Taking Care of Business
Trying to help constituents leads to lawsuit
By Pete Sorenson
Former Lane County Commissioner Ellie Dumdi and Ed Anderson, a guy I’ve never met, sued Commissioners Bill Fleenor, Rob Handy and me under the Oregon Open Meetings law. They alleged that we had met together secretly to create a supplemental budget to enable the county to hire constituent service assistants. Last week a trial was held in Lane County Circuit Court. This is the first part of my view of the case.
As Fleenor, Handy and I all testified under oath, the three of us never met together privately. In fact, Fleenor voted against the supplemental budget that was the subject of the lawsuit. The most Handy and I can be accused of is having voted, along with Commissioner Bill Dwyer, to approve a budget intended to enhance constituent services. The budget did that in a revenue-neutral way, by carving up a previously budgeted higher-paid position into five pieces, providing five lower-paid, part-time assistants to help constituents.

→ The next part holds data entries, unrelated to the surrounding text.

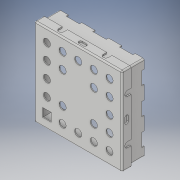
# Autodesk Inventor part: emi_shield
Saved by Autodesk Inventor 2019 (Build 230136000, 136)
## iProperties
Created: 2019-03-13
Part Number: emi_shield
Material: Generico
Document SubType Name: Modeling
Designer: Thartarus
Density: 1 g/cm^3
Appearance: Default
Author: Thartarus
Autodesk Inventor part; units mm, degrees
ref_plane "YZ Plane" through (0, 0, 0) normal (1, 0, 0) x (0, 1, 0)
ref_plane "XZ Plane" through (0, 0, 0) normal (0, 1, 0) x (-1, 0, 0)
ref_plane "XY Plane" through (0, 0, 0) normal (0, 0, 1) x (1, 0, 0)
sketch "Schizzo1" plane through (0, 0, 0) normal (0, 0, 1) x (1, 0, 0)
  line L0 (9.525, -9.525) -> (-9.525, -9.525)
  line L1 (-9.525, -9.525) -> (-9.525, 9.525)
  line L2 (-9.525, 9.525) -> (9.525, 9.525)
  line L3 (9.525, 9.525) -> (9.525, -9.525)
  line L4 (0, 0) -> (15.8702, 0) construction
  line L5 (0, 0) -> (15.8702, 0) construction
  line L6 (9.3218, 9.3218) -> (-9.3218, 9.3218)
  line L7 (-9.3218, 9.3218) -> (-9.3218, -9.3218)
  line L8 (-9.3218, -9.3218) -> (9.3218, -9.3218)
  line L9 (9.3218, -9.3218) -> (9.3218, 9.3218)
  dimension "d0" = 0
  dimension "d1" = 19.05
  dimension "d2" = 0.2032
  constraints: 20 end point, 1 coincident, 1 collinear, 1 horizontal, 1 perpendicular, 12 other
  measures "d0" distance between parallel lines of L4 L5
  measures "d1" distance of L1.end L2.end
  measures "d2" distance between parallel lines of L2 L6
extrude "Estrusione1" add sketch "Schizzo1" along normal blind 5.08
sketch "Schizzo2" plane through (0, 0, 0) normal (0, 0, -1) x (-1, 0, 0)
  line L0 (9.525, -9.525) -> (-9.525, -9.525) projected
  line L1 (9.3218, -9.3218) -> (-9.3218, -9.3218) projected
  line L2 (-7.495, -9.525) -> (-4.5, -9.525)
  line L3 (-4.5, -9.525) -> (-4.5, -9.3218)
  line L4 (-4.5, -9.3218) -> (-7.495, -9.3218)
  line L5 (-7.495, -9.3218) -> (-7.495, -9.525)
  line L6 (-9.525, 9.525) -> (-9.525, -9.525) projected
  line L7 (-1.5, -9.3218) -> (1.5, -9.3218)
  line L8 (1.5, -9.3218) -> (1.5, -9.525)
  line L9 (1.5, -9.525) -> (-1.5, -9.525)
  line L10 (-1.5, -9.525) -> (-1.5, -9.3218)
  line L11 (0, 9.3682) -> (0, 0) construction
  line L12 (4.5, -9.3218) -> (7.495, -9.3218)
  line L13 (7.495, -9.3218) -> (7.495, -9.525)
  line L14 (7.495, -9.525) -> (4.5, -9.525)
  line L15 (4.5, -9.525) -> (4.5, -9.3218)
  line L16 (9.525, -9.525) -> (9.525, 9.525) projected
  line L17 (9.525, 4.5) -> (9.3218, 4.5)
  line L18 (9.3218, 4.5) -> (9.3218, 7.495)
  line L19 (9.3218, 7.495) -> (9.525, 7.495)
  line L20 (9.525, 7.495) -> (9.525, 4.5)
  line L21 (9.3218, 1.5) -> (9.525, 1.5)
  line L22 (9.3218, -1.5) -> (9.3218, 1.5)
  line L23 (9.525, 1.5) -> (9.525, -1.5)
  line L24 (9.525, -1.5) -> (9.3218, -1.5)
  line L25 (9.525, -4.5) -> (9.3218, -4.5)
  line L26 (9.3218, -4.5) -> (9.3218, -7.495)
  line L27 (9.525, -7.495) -> (9.525, -4.5)
  line L28 (9.3218, -7.495) -> (9.525, -7.495)
  line L29 (-4.5, 9.525) -> (-4.5, 9.3218)
  line L30 (-4.5, 9.3218) -> (-7.495, 9.3218)
  line L31 (-7.495, 9.3218) -> (-7.495, 9.525)
  line L32 (-7.495, 9.525) -> (-4.5, 9.525)
  line L33 (-1.5, 9.3218) -> (-1.5, 9.525)
  line L34 (1.5, 9.3218) -> (-1.5, 9.3218)
  line L35 (-1.5, 9.525) -> (1.5, 9.525)
  line L36 (1.5, 9.525) -> (1.5, 9.3218)
  line L37 (4.5, 9.525) -> (4.5, 9.3218)
  line L38 (4.5, 9.3218) -> (7.495, 9.3218)
  line L39 (7.495, 9.525) -> (4.5, 9.525)
  line L40 (7.495, 9.3218) -> (7.495, 9.525)
  line L41 (-9.525, -4.5) -> (-9.3218, -4.5)
  line L42 (-9.3218, -4.5) -> (-9.3218, -7.495)
  line L43 (-9.3218, -7.495) -> (-9.525, -7.495)
  line L44 (-9.525, -7.495) -> (-9.525, -4.5)
  line L45 (-9.3218, -1.5) -> (-9.525, -1.5)
  line L46 (-9.3218, 1.5) -> (-9.3218, -1.5)
  line L47 (-9.525, -1.5) -> (-9.525, 1.5)
  line L48 (-9.525, 1.5) -> (-9.3218, 1.5)
  line L49 (-9.525, 4.5) -> (-9.3218, 4.5)
  line L50 (-9.3218, 4.5) -> (-9.3218, 7.495)
  line L51 (-9.525, 7.495) -> (-9.525, 4.5)
  line L52 (-9.3218, 7.495) -> (-9.525, 7.495)
  dimension "d5" = 2.03
  dimension "d6" = 3
  dimension "d7" = 3
  dimension "d8" = 3
  dimension "d9" = 2.03
  dimension "d12" = 360
  constraints: 98 end point, 6 parallel, 6 point on line, 3 horizontal, 3 perpendicular, 1 vertical, 98 other
  measures "d5" distance between parallel lines of L6 L5
  measures "d6" distance between parallel lines of L8 L10
  measures "d7" distance between parallel lines of L10 L3
  measures "d8" distance between parallel lines of L8 L15
  measures "d9" distance between parallel lines of L16 L13
extrude "Estrusione2" cut sketch "Schizzo2" against normal blind 0.51 contours L0 L15 L1 L13 | L0 L10 L1 L8 | L0 L5 L1 L3 | L52 L50 L49 L6 | L48 L46 L45 L6 | L41 L42 L43 L6 | L28 L26 L25 L16 | L24 L22 L21 L16 | L17 L18 L19 L16 | L29 L30 L31 L32 | L33 L35 L36 L34 | L39 L40 L38 L37
sketch "Schizzo3" plane through (0, 0, 5.08) normal (0, 0, 1) x (1, 0, 0)
  line L0 (-9.83, 9.83) -> (9.83, 9.83)
  line L1 (9.83, 9.83) -> (9.83, -9.83)
  line L2 (9.83, -9.83) -> (-9.83, -9.83)
  line L3 (-9.83, -9.83) -> (-9.83, 9.83)
  line L4 (-9.3218, 9.3218) -> (9.3218, 9.3218) construction
  line L5 (0, 9.3218) -> (0, 0) construction
  line L6 (0, 0) -> (-9.3218, 0) construction
  line L7 (-9.3218, -9.3218) -> (-9.3218, 9.3218) construction
  dimension "d16" = 19.66
  dimension "d17" = 19.66
  constraints: 12 end point, 2 midpoint, 2 parallel, 1 horizontal, 1 perpendicular, 1 vertical, 2 other
  measures "d16" distance of L0.start L0.end
  measures "d17" distance of L0.end L1.end
extrude "Estrusione3" add sketch "Schizzo3" along normal blind 0.2 and the other way blind 1.81
fillet "Raccordo1" radius 0.3 12 edges at (9.525, 9.525, 1.635) (9.83, 9.83, 4.275) (-9.83, 9.83, 4.275) (-9.525, 9.525, 1.635) (0, 9.83, 5.28) (-9.83, 0, 5.28) (9.83, 0, 5.28) (0, -9.83, 5.28) (9.83, -9.83, 4.275) (9.525, -9.525, 1.635) (-9.83, -9.83, 4.275) (-9.525, -9.525, 1.635)
sketch "Schizzo4" plane through (-9.53, 9.83, 4.98) normal (0, 1, 0) x (1, 0, 0)
  line L0 (15.12, 1.71) -> (13.92, 1.71)
  line L1 (13.92, 1.71) -> (13.92, 0.91)
  line L2 (13.92, 0.91) -> (15.12, 0.91) construction
  line L3 (15.12, 0.91) -> (15.12, 1.71)
  circle A0 centre (14.52, 0.91) radius 0.6 construction
  arc A1 (13.92, 0.91) -> (15.12, 0.91) centre (14.52, 0.91) ccw
  line L4 (0, 1.71) -> (19.06, 1.71) projected
  line L5 (19.36, 0) -> (19.36, 1.71) projected
  line L6 (5.14, 1.71) -> (3.94, 1.71)
  line L7 (3.94, 1.71) -> (3.94, 0.91)
  line L8 (3.94, 0.91) -> (5.14, 0.91) construction
  line L9 (5.14, 0.91) -> (5.14, 1.71)
  circle A2 centre (4.54, 0.91) radius 0.6 construction
  arc A3 (3.94, 0.91) -> (5.14, 0.91) centre (4.54, 0.91) ccw
  line L10 (-0.3, 1.71) -> (-0.3, 0) projected
  line L11 (10.025, 0.31) -> (9.035, 0.31)
  line L12 (9.035, 0.31) -> (9.035, 1.1) construction
  line L13 (9.035, 1.1) -> (10.025, 1.1)
  line L14 (10.025, 1.1) -> (10.025, 0.31) construction
  arc A4 (10.025, 0.31) -> (10.025, 1.1) centre (10.025, 0.705) ccw
  arc A5 (9.035, 1.1) -> (9.035, 0.31) centre (9.035, 0.705) ccw
  line L15 (10.025, 0.705) -> (9.035, 0.705) construction
  line L16 (0, -0.3) -> (19.06, -0.3) projected
  point P0 (9.53, 4.98)
  point P1 (14.52, 0.31)
  point P2 (19.36, 1.41)
  point P3 (4.54, 0.31)
  point P4 (9.53, 0.705)
  point P5 (8.64, 0.705)
  point P6 (10.42, 0.705)
  dimension "d23" = 1.2
  dimension "d24" = 1.4
  dimension "d26" = 1.2
  dimension "d27" = 1.4
  dimension "d30" = 4.24
  dimension "d31" = 4.24
  dimension "d32" = 8.94
  dimension "d33" = 8.94
  dimension "d91" = 0.61
  dimension "d92" = 0.61
  constraints: 26 end point, 12 point on circle, 8 tangent, 6 parallel, 4 centre point, 4 horizontal, 3 midpoint, 3 perpendicular, 2 collinear, 2 horizontal alignment, 1 point on line, 4 other
  measures "d23" distance between parallel lines of L1 L3
  measures "d24" distance from line of L0 point (14.52, 0.31)
  measures "d26" distance between parallel lines of L7 L9
  measures "d27" distance from line of L6 point (4.54, 0.31)
  measures "d30" distance between parallel lines of L10 L7
  measures "d31" distance between parallel lines of L5 L3
  measures "d32" distance from line of L10 point (8.64, 0.705)
  measures "d33" distance from line of point (10.42, 0.705) L5
  measures "d91" distance between parallel lines of L16 L11
  measures "d92" distance between parallel lines of L4 L13
extrude "Estrusione4" cut sketch "Schizzo4" against normal up to surface (0.305 mm away)
sketch "Schizzo5" plane through (0, 0, 5.28) normal (0, 0, 1) x (1, 0, 0)
  line L0 (-7.98, -6.05) -> (-6.05, -6.05)
  line L1 (-6.05, -6.05) -> (-6.05, -7.98)
  line L2 (-6.05, -7.98) -> (-7.98, -7.98)
  line L3 (-7.98, -7.98) -> (-7.98, -6.05)
  line L4 (-9.83, 9.53) -> (-9.83, -9.53) projected
  line L5 (-9.53, -9.83) -> (9.53, -9.83) projected
  line L6 (-7.015, -7.015) -> (-7.015, 7.015) construction
  line L7 (-7.015, 7.015) -> (7.015, 7.015) construction
  line L8 (7.015, 7.015) -> (7.015, -7.015) construction
  line L9 (7.015, -7.015) -> (-7.015, -7.015) construction
  circle A0 centre (-7.015, 7.015) radius 0.8
  circle A1 centre (7.015, -7.015) radius 0.8
  circle A2 centre (-7.015, 3.505) radius 0.8
  circle A3 centre (-7.015, -0.005) radius 0.8
  circle A4 centre (-3.505, 7.015) radius 0.8
  circle A5 centre (-3.505, 3.505) radius 0.8
  circle A6 centre (-3.505, -0.005) radius 0.8
  circle A7 centre (0.005, 7.015) radius 0.8
  circle A8 centre (0.005, 3.505) radius 0.8
  circle A9 centre (0.005, -0.005) radius 0.8
  circle A10 centre (-7.015, -3.515) radius 0.8
  circle A11 centre (-3.505, -3.515) radius 0.8
  circle A12 centre (0.005, -3.515) radius 0.8
  circle A13 centre (3.515, 7.015) radius 0.8
  circle A14 centre (3.515, 3.505) radius 0.8
  circle A15 centre (3.515, -0.005) radius 0.8
  circle A16 centre (3.515, -3.515) radius 0.8
  circle A17 centre (7.025, 7.015) radius 0.8
  circle A18 centre (7.025, 3.505) radius 0.8
  circle A19 centre (7.025, -0.005) radius 0.8
  circle A20 centre (7.025, -3.515) radius 0.8
  circle A21 centre (3.505, -7.015) radius 0.8
  circle A22 centre (-0.005, -7.015) radius 0.8
  circle A23 centre (-3.515, -7.015) radius 0.8
  point P0 (0, 0)
  point P1 (0, 0)
  dimension "d38" = 1.93
  dimension "d39" = 1.85
  dimension "d40" = 1.85
  dimension "d41" = 1.6
  dimension "d42" = 1.6
  dimension "d45" = 3.51
  dimension "d48" = 3.51
  dimension "d53" = 3.51
  constraints: 24 centre point, 16 end point, 3 coincident, 2 horizontal, 1 vertical, 62 other
  measures "d38" distance of L1.end L2.end
  measures "d39" distance between parallel lines of L4 L3
  measures "d40" distance between parallel lines of L5 L2
  measures "d41" diameter of A0
  measures "d42" diameter of A1
  measures "d45" distance of A0.centre A2.centre
  measures "d48" distance of A0.centre A4.centre
  measures "d53" distance of A1.centre A21.centre
extrude "Estrusione5" cut sketch "Schizzo5" against normal up to surface (5.28 mm away) contours L0 L1 L2 L3 | A0 | A1 | A2 | A3 | A4 | A5 | A7 | A10 | A11 | A13 | A14 | A16 | A17 | A18 | A19 | A20 | A21 | A22 | A23
sketch "Schizzo6" plane through (0, 0, 3.27) normal (0, 0, -1) x (-1, 0, 0)
  line L0 (-9.3218, 9.3218) -> (-7.495, 9.3218) projected
  line L1 (-9.3218, 9.3218) -> (9.3218, 9.3218)
  line L2 (9.3218, 9.3218) -> (9.3218, -9.3218)
  line L3 (9.3218, -9.3218) -> (-9.3218, -9.3218)
  line L4 (-9.3218, -9.3218) -> (-9.3218, 9.3218)
  line L5 (9.3218, -1.5) -> (9.3218, -4.5) projected
  line L6 (9.3218, -9.3218) -> (7.495, -9.3218) projected
  point P0 (0, 0)
  constraints: 8 end point, 2 collinear, 2 parallel, 1 horizontal, 1 perpendicular
extrude "Estrusione6" cut sketch "Schizzo6" against normal blind 1.81
sketch "Schizzo8" plane through (0, 0, 5.08) normal (0, 0, -1) x (-1, 0, 0)
  circle A0 centre (0, 0) radius 2.995
  dimension "d85" = 5.99
  dimension "d62" = 5.99
  dimension "d63" = 0.99
  dimension "d66" = 360
  dimension "d68" = 0.99
  dimension "d74" = 0.99
  dimension "d76" = 0.99
  dimension "d77" = 0.99
  dimension "d78" = 45
  dimension "d80" = 2.01
  dimension "d83" = 360
  constraints: 1 centre point, 1 coincident
  measures "d85" diameter of A0
extrude "Estrusione7" add sketch "Schizzo8" along normal blind 0.08
pattern_circular "Serie circolare1" count 4 over 360 about axis through (0, 0, 5.08) along (0, 0, -1) of "Estrusione4"

You might ask: Why did we think constituents needed that help? To understand, go to the county’s website and review the agenda for any meeting of the commissioners. You’ll see that we have to handle responsibly a great many complex matters that require careful consideration. The hazard here is that constituent services will suffer. With the constituent services assistants, we can better respond to requests for help that are also many and varied. Maybe an unemployed person needs guidance getting help from the Lane Workforce Partnership. Maybe a couple with an idea for a small business needs information from the county’s economic development program. Maybe a property taxpayer wants to contest an assessment. Maybe a worried mother needs mental health services for her son. Many people don’t even know where to turn for these services. Our constituent services assistants can tell them.
The supplemental budget at issue in the lawsuit was passed by routine procedure, guided by Christine Moody, who is in charge of preparing the budgets. Supplemental budgets are not unusual. The main business at hand is to make sure the budget is currently in balance, receive and spend the millions of dollars that come in from federal and state taxpayers. It is always property tax neutral, meaning that there’s no increase or decrease in property taxes.
Most of the time, no one comes to the meetings and hearings, as usually they are pretty boring. More rarely, the meetings are hot and contentious, and hundreds of people come. In October 2009, after finishing the fiscal year 2009-10 Supplemental Budget One, Moody began working on fiscal year 2009-10 Supplemental Budget Two. I’ll call it “Supp Two.”
Moody assembled the usual decision packet for Supp Two, placed a notice for the meeting in The Register-Guard, and made sure the agenda and packet were copied and distributed to all commissioners well in advance of the meeting, published on the county’s website and emailed to Lane County’s media list. The full-time, higher-paid position I mentioned had been adopted by the board on a 5-0 vote in June 2009. This budget included the “reprogramming” of that unfilled and unspent higher-paid, full-time position to the five part-time and lower-paid positions I mentioned.
Moody’s memo to the board, available on the county website, said the board had the opportunity to approve, amend, disapprove or otherwise dispose of Supp Two. On Dec. 9, 2009 at 9 am Moody came to Harris Hall, where the Board of Commissioners has met most Wednesdays for the past two years, and explained that a notice went out to the newspaper, that a public hearing was going to take place and then the board could decide what to do. I chaired the meeting and opened the public hearing, but no one testified. The board then started its deliberation, with Handy moving to approve Supp Two and Dwyer seconding the motion. Stewart and Fleenor opposed it. Supp Two was approved on a 3-2 vote. As chair, I signed the board order that Moody had prepared.
I was shocked to find this whole process the subject of a lawsuit two months later. The trial court’s decision is likely by mid-January 2011. After the court’s decision, I’ll have more to say.